Is it possible to eliminate the “addiction to mammon” and therefore the tendency to corruption that goes with it?
Eliminate it completely, no, but mitigate it, yes. As the American sociologist Robert Merton observed in the 1960s when he it is considered more important in a society if a person than how they got rich, it creates pressure for people to act dishonestly. A pressure that reinforces all the internal and biologically embedded dispositions. It’s the “little things” like who respected celebrities take pictures with and who they invite to their birthday parties. A man with wrong political views is feared, a thief is not.
It can also be expressed that if money can buy everything, it’s very conducive to dishonesty. If you can buy something with money, something is a matter of prestige, something else is a matter of contacts, something else is skill, something else is can be inherited, etc., it encourages people to collect different types of “capital”. To put everything on one card (e.g. money) is too risky. In my youth, we were told that it was as a result of this the pre-Lisbon regime was corrupt and that if everything was clearly available for purchase for clear sums of money, it would bring it would have brought a piece of honesty. Today, when we have real experience, it would not say probably nobody would say that.

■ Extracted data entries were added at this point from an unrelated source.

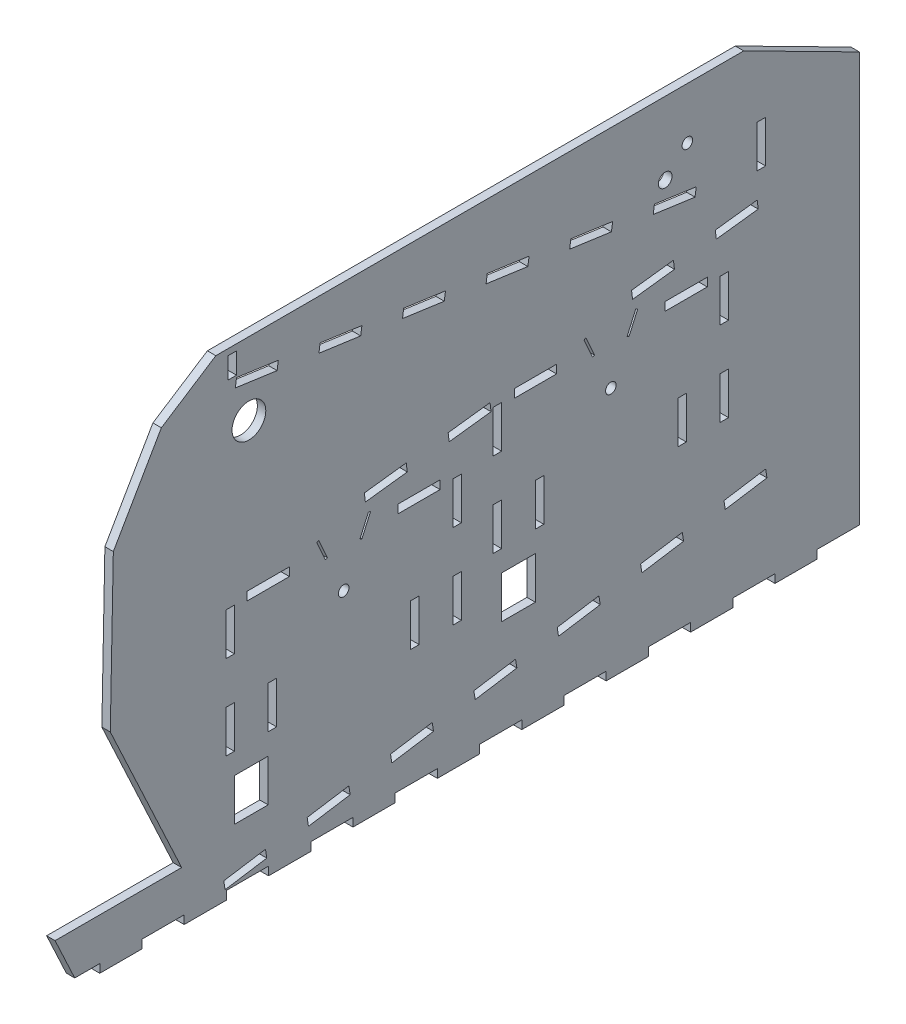
SolidWorks part; units mm, degrees
ref_plane "Спереди" through (0, 0, 0) normal (0, 0, 1) x (1, 0, 0)
ref_plane "Сверху" through (0, 0, 0) normal (0, 1, 0) x (1, 0, 0)
ref_plane "Справа" through (0, 0, 0) normal (1, 0, 0) x (0, 0, -1)
sketch "Эскиз1" plane through (0, 0, 0) normal (1, 0, 0) x (0, 0, -1)
  line L0 (0, 0) -> (-31.7705, 0) construction
  line L1 (0, 0) -> (-25.7029, 18.6742) construction
  line L2 (0, 0) -> (-25.7029, 18.6742) construction
  line L3 (0, 0) -> (-9.8176, 30.2156) construction
  line L4 (0, 0) -> (-9.8176, 30.2156) construction
  line L5 (0, 0) -> (9.8176, 30.2156) construction
  line L6 (0, 0) -> (9.8176, 30.2156) construction
  line L7 (0, 0) -> (25.7029, 18.6742) construction
  line L8 (0, 0) -> (25.7029, 18.6742) construction
  line L9 (0, 0) -> (31.7705, 0) construction
  line L10 (-31.7705, 0) -> (-31.7705, -31.7705) construction
  line L11 (-25.7029, 18.6742) -> (-51.7705, 18.6742) construction
  line L12 (-51.7705, 18.6742) -> (-51.7705, -31.7705) construction
  line L13 (0, 0) -> (0, -37.2268) construction
  line L14 (25.7029, 18.6742) -> (51.7705, 18.6742) construction
  line L15 (51.7705, 18.6742) -> (51.7705, -31.7705) construction
  line L16 (31.7705, 0) -> (31.7705, -31.7705) construction
  line L17 (10.3051, 31.2454) -> (28.3345, 31.2454) construction
  line L18 (9.8176, 35.2156) -> (10.3051, 31.2454) construction
  line L19 (9.8176, 35.2156) -> (69.3704, 42.5277) construction
  line L20 (10.3051, 31.2454) -> (69.8579, 38.5575) construction
  line L21 (25.7029, 18.6742) -> (25.7029, 22.6742) construction
  line L22 (25.7029, 22.6742) -> (55.7705, 22.6742) construction
  line L23 (55.7705, 22.6742) -> (55.7705, -31.7705) construction
  line L24 (55.7705, -31.7705) -> (51.7705, -31.7705) construction
  line L25 (31.7705, 0) -> (35.7705, 0) construction
  line L26 (35.7705, 0) -> (35.7705, -31.7705) construction
  line L27 (35.7705, -31.7705) -> (31.7705, -31.7705) construction
  line L28 (-31.7705, 0) -> (-35.7705, 0) construction
  line L29 (-35.7705, 0) -> (-35.7705, -31.7705) construction
  line L30 (-35.7705, -31.7705) -> (-31.7705, -31.7705) construction
  line L31 (-31.7705, -31.7705) -> (-32.0988, -31.7383) construction
  line L32 (-25.7029, 18.6742) -> (-25.7029, 22.6742) construction
  line L33 (-25.7029, 22.6742) -> (-55.7705, 22.6742) construction
  line L34 (-55.7705, 22.6742) -> (-55.7705, -31.7705) construction
  line L35 (-55.7705, -31.7705) -> (-51.7705, -31.7705) construction
  line L36 (69.3704, 42.5277) -> (69.8579, 38.5575) construction
  line L37 (9.8176, 30.2156) -> (9.8176, 40.2156)
  line L38 (51.7705, 18.6742) -> (55.7705, 18.6742) construction
  line L39 (126.6284, 19.8535) -> (94.8579, 19.8535) construction
  line L40 (126.6284, 19.8535) -> (100.9255, 38.5277) construction
  line L41 (126.6284, 19.8535) -> (100.9255, 38.5277) construction
  line L42 (126.6284, 19.8535) -> (116.8108, 50.069) construction
  line L43 (126.6284, 19.8535) -> (116.8108, 50.069) construction
  line L44 (126.6284, 19.8535) -> (136.446, 50.069) construction
  line L45 (199.9988, -50.0348) -> (180.2402, -53.1327)
  line L46 (126.6284, 19.8535) -> (136.446, 50.069) construction
  line L47 (126.6284, 19.8535) -> (152.3313, 38.5277) construction
  line L48 (126.6284, 19.8535) -> (152.3313, 38.5277) construction
  line L49 (126.6284, 19.8535) -> (158.3989, 19.8535) construction
  line L50 (94.8579, 19.8535) -> (94.8579, -11.917) construction
  line L51 (100.9255, 38.5277) -> (74.8579, 38.5277) construction
  line L52 (74.8579, 38.5277) -> (74.8579, -11.917) construction
  line L53 (126.6284, 19.8535) -> (126.6284, -17.4484) construction
  line L54 (152.3313, 38.5277) -> (178.3989, 38.5277) construction
  line L55 (178.3989, 38.5277) -> (178.3989, -11.917) construction
  line L56 (158.3989, 19.8535) -> (158.3989, -11.917) construction
  line L57 (136.9335, 51.0988) -> (174.1594, 51.0988) construction
  line L58 (136.446, 55.069) -> (136.9335, 51.0988) construction
  line L59 (136.446, 55.069) -> (195.9988, 62.3812) construction
  line L60 (136.9335, 51.0988) -> (196.4863, 58.411) construction
  line L61 (152.3313, 38.5277) -> (152.3313, 42.5277) construction
  line L62 (152.3313, 42.5277) -> (182.3989, 42.5277) construction
  line L63 (182.3989, 42.5277) -> (182.3989, -11.917) construction
  line L64 (182.3989, -11.917) -> (178.3989, -11.917) construction
  line L65 (158.3989, 19.8535) -> (162.3989, 19.8535) construction
  line L66 (69.3704, 42.5277) -> (69.8579, 38.5575)
  line L67 (69.3704, 42.5277) -> (49.5195, 40.0903)
  line L68 (69.8579, 38.5575) -> (50.007, 36.1201)
  line L69 (49.5195, 40.0903) -> (50.007, 36.1201)
  line L70 (29.6686, 37.6529) -> (9.8176, 35.2156)
  line L71 (9.8176, 35.2156) -> (10.3051, 31.2454)
  line L72 (30.156, 33.6828) -> (10.3051, 31.2454)
  line L73 (29.6686, 37.6529) -> (30.156, 33.6828)
  line L74 (162.3989, 19.8535) -> (162.3989, -11.917) construction
  line L75 (25.7029, 18.6742) -> (45.7029, 18.6742)
  line L76 (25.7029, 18.6742) -> (25.7029, 22.6742)
  line L77 (25.7029, 22.6742) -> (45.7029, 22.6742)
  line L78 (45.7029, 18.6742) -> (45.7029, 22.6742)
  line L79 (51.7705, 20) -> (55.7705, 20)
  line L80 (51.7705, 20) -> (51.7705, 0)
  line L81 (51.7705, 0) -> (55.7705, 0)
  line L82 (55.7705, 20) -> (55.7705, 0)
  line L83 (-31.7705, -20) -> (-35.7705, -20)
  line L84 (-31.7705, -20) -> (-31.7705, -40)
  line L85 (-31.7705, -40) -> (-35.7705, -40)
  line L86 (-25.7029, 18.6742) -> (-45.7029, 18.6742)
  line L87 (-25.7029, 18.6742) -> (-25.7029, 22.6742)
  line L88 (-25.7029, 22.6742) -> (-45.7029, 22.6742)
  line L89 (-45.7029, 18.6742) -> (-45.7029, 22.6742)
  line L90 (-35.7705, -20) -> (-35.7705, -40)
  line L91 (31.7705, -20) -> (35.7705, -20)
  line L92 (31.7705, -20) -> (31.7705, -40)
  line L93 (31.7705, -40) -> (35.7705, -40)
  line L94 (-55.7705, 20) -> (-51.7705, 20)
  line L95 (-55.7705, 20) -> (-55.7705, 0)
  line L96 (-55.7705, 0) -> (-51.7705, 0)
  line L97 (-51.7705, 20) -> (-51.7705, 0)
  line L98 (162.3989, -11.917) -> (158.3989, -11.917) construction
  line L99 (94.8579, 19.8535) -> (90.8579, 19.8535) construction
  line L100 (90.8579, 19.8535) -> (90.8579, -11.917) construction
  line L101 (90.8579, -11.917) -> (94.8579, -11.917) construction
  line L102 (179.9988, 80.4295) -> (130.5186, 80.4295) construction
  line L103 (100.9255, 38.5277) -> (100.9255, 42.5277) construction
  line L104 (100.9255, 42.5277) -> (70.8579, 42.5277) construction
  line L105 (70.8579, 42.5277) -> (70.8579, -11.917) construction
  line L106 (70.8579, -11.917) -> (74.8579, -11.917) construction
  line L107 (195.9988, 62.3812) -> (196.4863, 58.411) construction
  line L108 (136.446, 50.069) -> (136.446, 60.069)
  line L109 (178.3989, 38.5277) -> (182.3989, 38.5277) construction
  line L110 (179.9988, 80.4295) -> (179.4421, 76.4684) construction
  line L111 (195.9988, 62.3812) -> (196.4863, 58.411)
  line L112 (195.9988, 62.3812) -> (176.1479, 59.9438)
  line L113 (35.7705, -20) -> (35.7705, -40)
  line L114 (196.4863, 58.411) -> (176.6353, 55.9736)
  line L115 (176.1479, 59.9438) -> (176.6353, 55.9736)
  line L116 (156.2969, 57.5064) -> (136.446, 55.069)
  line L117 (136.446, 55.069) -> (136.9335, 51.0988)
  line L118 (156.7844, 53.5362) -> (136.9335, 51.0988)
  line L119 (156.2969, 57.5064) -> (156.7844, 53.5362)
  line L120 (152.3313, 38.5277) -> (172.3313, 38.5277)
  line L121 (152.3313, 38.5277) -> (152.3313, 42.5277)
  line L122 (152.3313, 42.5277) -> (172.3313, 42.5277)
  line L123 (172.3313, 38.5277) -> (172.3313, 42.5277)
  line L124 (178.3989, 19.8535) -> (182.3989, 19.8535)
  line L125 (178.3989, 19.8535) -> (178.3989, 39.8535)
  line L126 (178.3989, 39.8535) -> (182.3989, 39.8535)
  line L127 (182.3989, 19.8535) -> (182.3989, 39.8535)
  line L128 (94.8579, -0.1465) -> (90.8579, -0.1465)
  line L129 (94.8579, -0.1465) -> (94.8579, -20.1465)
  line L130 (94.8579, -20.1465) -> (90.8579, -20.1465)
  line L131 (100.9255, 38.5277) -> (80.9255, 38.5277)
  line L132 (100.9255, 38.5277) -> (100.9255, 42.5277)
  line L133 (100.9255, 42.5277) -> (80.9255, 42.5277)
  line L134 (80.9255, 38.5277) -> (80.9255, 42.5277)
  line L135 (90.8579, -0.1465) -> (90.8579, -20.1465)
  line L136 (158.3989, -0.1465) -> (162.3989, -0.1465)
  line L137 (158.3989, -0.1465) -> (158.3989, -20.1465)
  line L138 (158.3989, -20.1465) -> (162.3989, -20.1465)
  line L139 (70.8579, 39.8535) -> (74.8579, 39.8535)
  line L140 (70.8579, 39.8535) -> (70.8579, 19.8535)
  line L141 (70.8579, 19.8535) -> (74.8579, 19.8535)
  line L142 (74.8579, 39.8535) -> (74.8579, 19.8535)
  line L143 (162.3989, -0.1465) -> (162.3989, -20.1465)
  line L144 (179.9988, 80.4295) -> (-50.7705, 112.862) construction
  line L145 (-50.7705, 112.862) -> (-50.7705, 126.7706) construction
  line L146 (195.9988, 62.3812) -> (195.9988, 94.3381) construction
  line L147 (-76.7705, -75.2294) -> (-128.8786, 36.5168)
  line L148 (195.9988, 94.3381) -> (-34.7705, 126.7706) construction
  line L149 (-34.7705, 126.7706) -> (244.4209, 126.7706)
  line L150 (-51.7705, -40) -> (-51.7705, -50) construction
  line L151 (162.8814, 102.3387) -> (147.4568, 90.7154) construction
  line L152 (162.8814, 102.3387) -> (174.5046, 86.9141) construction
  line L153 (162.8814, 102.3387) -> (182.0071, 99.6508) construction
  line L154 (162.8814, 102.3387) -> (160.1934, 83.213) construction
  line L155 (-55.7705, -20) -> (-51.7705, -20)
  line L156 (-55.7705, -20) -> (-55.7705, -40)
  line L157 (-55.7705, -40) -> (-51.7705, -40)
  line L158 (-51.7705, -20) -> (-51.7705, -40)
  line L159 (74.8579, -20.1465) -> (74.8579, -50.1465) construction
  line L160 (-51.7705, -50) -> (-35.7705, -50)
  line L161 (-51.7705, -50) -> (-51.7705, -70)
  line L162 (-51.7705, -70) -> (-35.7705, -70)
  line L163 (-35.7705, -50) -> (-35.7705, -70)
  line L164 (70.8579, -0.1465) -> (74.8579, -0.1465)
  line L165 (70.8579, -0.1465) -> (70.8579, -20.1465)
  line L166 (70.8579, -20.1465) -> (74.8579, -20.1465)
  line L167 (74.8579, -0.1465) -> (74.8579, -20.1465)
  line L168 (-132.357, -75.2294) -> (-123.0308, -95.2294) construction
  line L169 (74.8579, -50.1465) -> (90.8579, -50.1465)
  line L170 (74.8579, -50.1465) -> (74.8579, -30.1465)
  line L171 (74.8579, -30.1465) -> (90.8579, -30.1465)
  line L172 (90.8579, -50.1465) -> (90.8579, -30.1465)
  line L173 (51.7705, -20) -> (55.7705, -20)
  line L174 (51.7705, -20) -> (51.7705, -40)
  line L175 (51.7705, -40) -> (55.7705, -40)
  line L176 (55.7705, -20) -> (55.7705, -40)
  line L177 (178.3989, -0.1465) -> (182.3989, -0.1465)
  line L178 (178.3989, -0.1465) -> (178.3989, -20.1465)
  line L179 (178.3989, -20.1465) -> (182.3989, -20.1465)
  line L180 (182.3989, -0.1465) -> (182.3989, -20.1465)
  line L181 (-88.2588, -95.2294) -> (199.9988, -50.0348) construction
  line L182 (-123.0308, -95.2294) -> (-88.2588, -95.2294) construction
  line L183 (-132.357, -75.2294) -> (-136.7705, -75.2294) construction
  line L184 (-76.7705, -75.2294) -> (-136.7705, -75.2294)
  line L185 (-136.7705, -75.2294) -> (-125.5791, -99.2294)
  line L186 (-125.5791, -99.2294) -> (244.4209, -99.2294)
  line L187 (244.4209, -99.2294) -> (244.4209, 126.7706)
  line L188 (-128.8786, 36.5168) -> (-76.7705, 126.7706)
  line L189 (-76.7705, 126.7706) -> (-34.7705, 126.7706)
  line L190 (-50.7705, 112.862) -> (-30.9651, 110.0786)
  line L191 (204.4209, -99.2294) -> (184.4209, -99.2294)
  line L192 (-50.7705, 113.862) -> (-54.7705, 113.862)
  line L193 (-50.7705, 113.862) -> (-50.7705, 123.862)
  line L194 (-50.7705, 123.862) -> (-54.7705, 123.862)
  line L195 (-50.7705, 112.862) -> (-51.3272, 108.9009)
  line L196 (-30.9651, 110.0786) -> (-31.5218, 106.1175)
  line L197 (-51.3272, 108.9009) -> (-31.5218, 106.1175)
  line L198 (-11.1598, 107.2951) -> (-11.7165, 103.334)
  line L199 (-11.7165, 103.334) -> (8.0889, 100.5506)
  line L200 (8.6456, 104.5116) -> (8.0889, 100.5506)
  line L201 (-11.1598, 107.2951) -> (8.6456, 104.5116)
  line L202 (28.4509, 101.7282) -> (27.8942, 97.7671)
  line L203 (27.8942, 97.7671) -> (47.6996, 94.9836)
  line L204 (48.2563, 98.9447) -> (47.6996, 94.9836)
  line L205 (28.4509, 101.7282) -> (48.2563, 98.9447)
  line L206 (68.0617, 96.1612) -> (67.505, 92.2002)
  line L207 (67.505, 92.2002) -> (87.3103, 89.4167)
  line L208 (87.867, 93.3778) -> (87.3103, 89.4167)
  line L209 (68.0617, 96.1612) -> (87.867, 93.3778)
  line L210 (107.6724, 90.5943) -> (107.1157, 86.6332)
  line L211 (107.1157, 86.6332) -> (126.9211, 83.8498)
  line L212 (127.4777, 87.8109) -> (126.9211, 83.8498)
  line L213 (107.6724, 90.5943) -> (127.4777, 87.8109)
  line L214 (147.2831, 85.0274) -> (146.7264, 81.0663)
  line L215 (146.7264, 81.0663) -> (166.5318, 78.2829)
  line L216 (167.0885, 82.2439) -> (166.5318, 78.2829)
  line L217 (147.2831, 85.0274) -> (167.0885, 82.2439)
  line L218 (179.9988, 80.4295) -> (175.1542, 81.1104) construction
  line L219 (179.4421, 76.4684) -> (174.5975, 77.1493) construction
  line L220 (175.1542, 81.1104) -> (174.5975, 77.1493) construction
  line L221 (195.9988, 94.3381) -> (199.9988, 94.3381)
  line L222 (195.9988, 94.3381) -> (195.9988, 74.3381)
  line L223 (195.9988, 74.3381) -> (199.9988, 74.3381)
  line L224 (199.9988, 94.3381) -> (199.9988, 74.3381)
  line L225 (199.9988, -50.0348) -> (200.6184, -53.9866)
  line L226 (180.2402, -53.1327) -> (180.8597, -57.0844)
  line L227 (200.6184, -53.9866) -> (180.8597, -57.0844)
  line L228 (160.4912, -56.2922) -> (140.7326, -59.3901)
  line L229 (160.4912, -56.2922) -> (161.1108, -60.2439)
  line L230 (140.7326, -59.3901) -> (141.3522, -63.3418)
  line L231 (161.1108, -60.2439) -> (141.3522, -63.3418)
  line L232 (120.9837, -62.5496) -> (101.2251, -65.6475)
  line L233 (120.9837, -62.5496) -> (121.6033, -66.5013)
  line L234 (101.2251, -65.6475) -> (101.8447, -69.5992)
  line L235 (121.6033, -66.5013) -> (101.8447, -69.5992)
  line L236 (81.4762, -68.807) -> (61.7176, -71.9048)
  line L237 (81.4762, -68.807) -> (82.0958, -72.7587)
  line L238 (61.7176, -71.9048) -> (62.3371, -75.8566)
  line L239 (82.0958, -72.7587) -> (62.3371, -75.8566)
  line L240 (41.9686, -75.0643) -> (22.21, -78.1622)
  line L241 (41.9686, -75.0643) -> (42.5882, -79.0161)
  line L242 (22.21, -78.1622) -> (22.8296, -82.1139)
  line L243 (42.5882, -79.0161) -> (22.8296, -82.1139)
  line L244 (2.4611, -81.3217) -> (-17.2975, -84.4196)
  line L245 (2.4611, -81.3217) -> (3.0807, -85.2735)
  line L246 (-17.2975, -84.4196) -> (-16.6779, -88.3713)
  line L247 (3.0807, -85.2735) -> (-16.6779, -88.3713)
  line L248 (-54.7705, 113.862) -> (-54.7705, 123.862)
  line L249 (244.4209, -99.2294) -> (224.4209, -99.2294)
  line L250 (244.4209, -99.2294) -> (244.4209, -95.2294)
  line L251 (244.4209, -95.2294) -> (224.4209, -95.2294)
  line L252 (224.4209, -99.2294) -> (224.4209, -95.2294)
  line L253 (204.4209, -99.2294) -> (204.4209, -95.2294)
  line L254 (204.4209, -95.2294) -> (184.4209, -95.2294)
  line L255 (184.4209, -99.2294) -> (184.4209, -95.2294)
  line L256 (164.4209, -99.2294) -> (144.4209, -99.2294)
  line L257 (164.4209, -99.2294) -> (164.4209, -95.2294)
  line L258 (164.4209, -95.2294) -> (144.4209, -95.2294)
  line L259 (144.4209, -99.2294) -> (144.4209, -95.2294)
  line L260 (124.4209, -99.2294) -> (104.4209, -99.2294)
  line L261 (124.4209, -99.2294) -> (124.4209, -95.2294)
  line L262 (124.4209, -95.2294) -> (104.4209, -95.2294)
  line L263 (104.4209, -99.2294) -> (104.4209, -95.2294)
  line L264 (84.4209, -99.2294) -> (64.4209, -99.2294)
  line L265 (84.4209, -99.2294) -> (84.4209, -95.2294)
  line L266 (84.4209, -95.2294) -> (64.4209, -95.2294)
  line L267 (64.4209, -99.2294) -> (64.4209, -95.2294)
  line L268 (44.4209, -99.2294) -> (24.4209, -99.2294)
  line L269 (44.4209, -99.2294) -> (44.4209, -95.2294)
  line L270 (44.4209, -95.2294) -> (24.4209, -95.2294)
  line L271 (24.4209, -99.2294) -> (24.4209, -95.2294)
  line L272 (4.4209, -99.2294) -> (-15.5791, -99.2294)
  line L273 (4.4209, -99.2294) -> (4.4209, -95.2294)
  line L274 (4.4209, -95.2294) -> (-15.5791, -95.2294)
  line L275 (-15.5791, -99.2294) -> (-15.5791, -95.2294)
  line L276 (-35.5791, -99.2294) -> (-55.5791, -99.2294)
  line L277 (-35.5791, -99.2294) -> (-35.5791, -95.2294)
  line L278 (-35.5791, -95.2294) -> (-55.5791, -95.2294)
  line L279 (-55.5791, -99.2294) -> (-55.5791, -95.2294)
  line L280 (-75.5791, -99.2294) -> (-95.5791, -99.2294)
  line L281 (-75.5791, -99.2294) -> (-75.5791, -95.2294)
  line L282 (-75.5791, -95.2294) -> (-95.5791, -95.2294)
  line L283 (-95.5791, -99.2294) -> (-95.5791, -95.2294)
  line L284 (-115.5791, -99.2294) -> (-135.5791, -99.2294)
  line L285 (-115.5791, -99.2294) -> (-115.5791, -95.2294)
  line L286 (-115.5791, -95.2294) -> (-135.5791, -95.2294)
  line L287 (-135.5791, -99.2294) -> (-135.5791, -95.2294)
  line L288 (-110.6007, -2.6803) -> (-109.1606, 70.6694)
  line L289 (-37.0464, -87.5791) -> (-56.805, -90.677)
  line L290 (-37.0464, -87.5791) -> (-36.4268, -91.5308)
  line L291 (-56.805, -90.677) -> (-56.1855, -94.6287)
  line L292 (-36.4268, -91.5308) -> (-56.1855, -94.6287)
  line L293 (-86.4077, 110.0786) -> (-60.5791, 126.7706)
  line L294 (189.6222, 126.7706) -> (244.4209, 98.9447)
  line L295 (-12.7089, 26.0861) -> (-8.6415, 16.9506)
  line L296 (-12.7089, 26.0861) -> (-11.7954, 26.4928)
  line L297 (-8.6415, 16.9506) -> (-7.728, 17.3574)
  line L298 (-11.7954, 26.4928) -> (-7.728, 17.3574)
  line L299 (8.6415, 16.9506) -> (7.728, 17.3574)
  line L300 (11.7954, 26.4928) -> (7.728, 17.3574)
  line L301 (12.7089, 26.0861) -> (8.6415, 16.9506)
  line L302 (12.7089, 26.0861) -> (11.7954, 26.4928)
  line L303 (114.833, 46.3463) -> (118.9004, 37.2108)
  line L304 (114.833, 46.3463) -> (113.9195, 45.9396)
  line L305 (118.9004, 37.2108) -> (117.9868, 36.8041)
  line L306 (113.9195, 45.9396) -> (117.9868, 36.8041)
  line L307 (134.3564, 37.2108) -> (135.2699, 36.8041)
  line L308 (139.3373, 45.9396) -> (135.2699, 36.8041)
  line L309 (138.4237, 46.3463) -> (134.3564, 37.2108)
  line L310 (138.4237, 46.3463) -> (139.3373, 45.9396)
  line L311 (161.3068, 91.1351) -> (116.07, 97.4927) construction
  circle A0 centre (0, 0) radius 31.7705 construction
  circle A1 centre (-23.0826, 7.5) radius 7.5 construction
  circle A2 centre (-14.2658, 19.6353) radius 7.5 construction
  circle A3 centre (0, 24.2705) radius 7.5 construction
  circle A4 centre (14.2658, 19.6353) radius 7.5 construction
  circle A5 centre (23.0826, 7.5) radius 7.5 construction
  circle A6 centre (0, 0) radius 2.5
  circle A7 centre (126.6284, 19.8535) radius 31.7705 construction
  circle A8 centre (103.5458, 27.3535) radius 7.5 construction
  circle A9 centre (112.3625, 39.4887) radius 7.5 construction
  circle A10 centre (126.6284, 44.124) radius 7.5 construction
  circle A11 centre (140.8942, 39.4887) radius 7.5 construction
  circle A12 centre (149.711, 27.3535) radius 7.5 construction
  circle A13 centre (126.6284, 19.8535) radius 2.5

By the way, note that when someone bemoans the corruption behind pre-Lisbon regimes, it is not the corruption itself that outrages them, but its the democratic nature of it. Namely, the fact that corruption was not concentrated in a few but that almost everybody had a little bit of a hand in it. The dishonesty of the bricklayer, who brings home a sack of cement is seen as something far worse than the dishonesty of a CEO who diverts billions.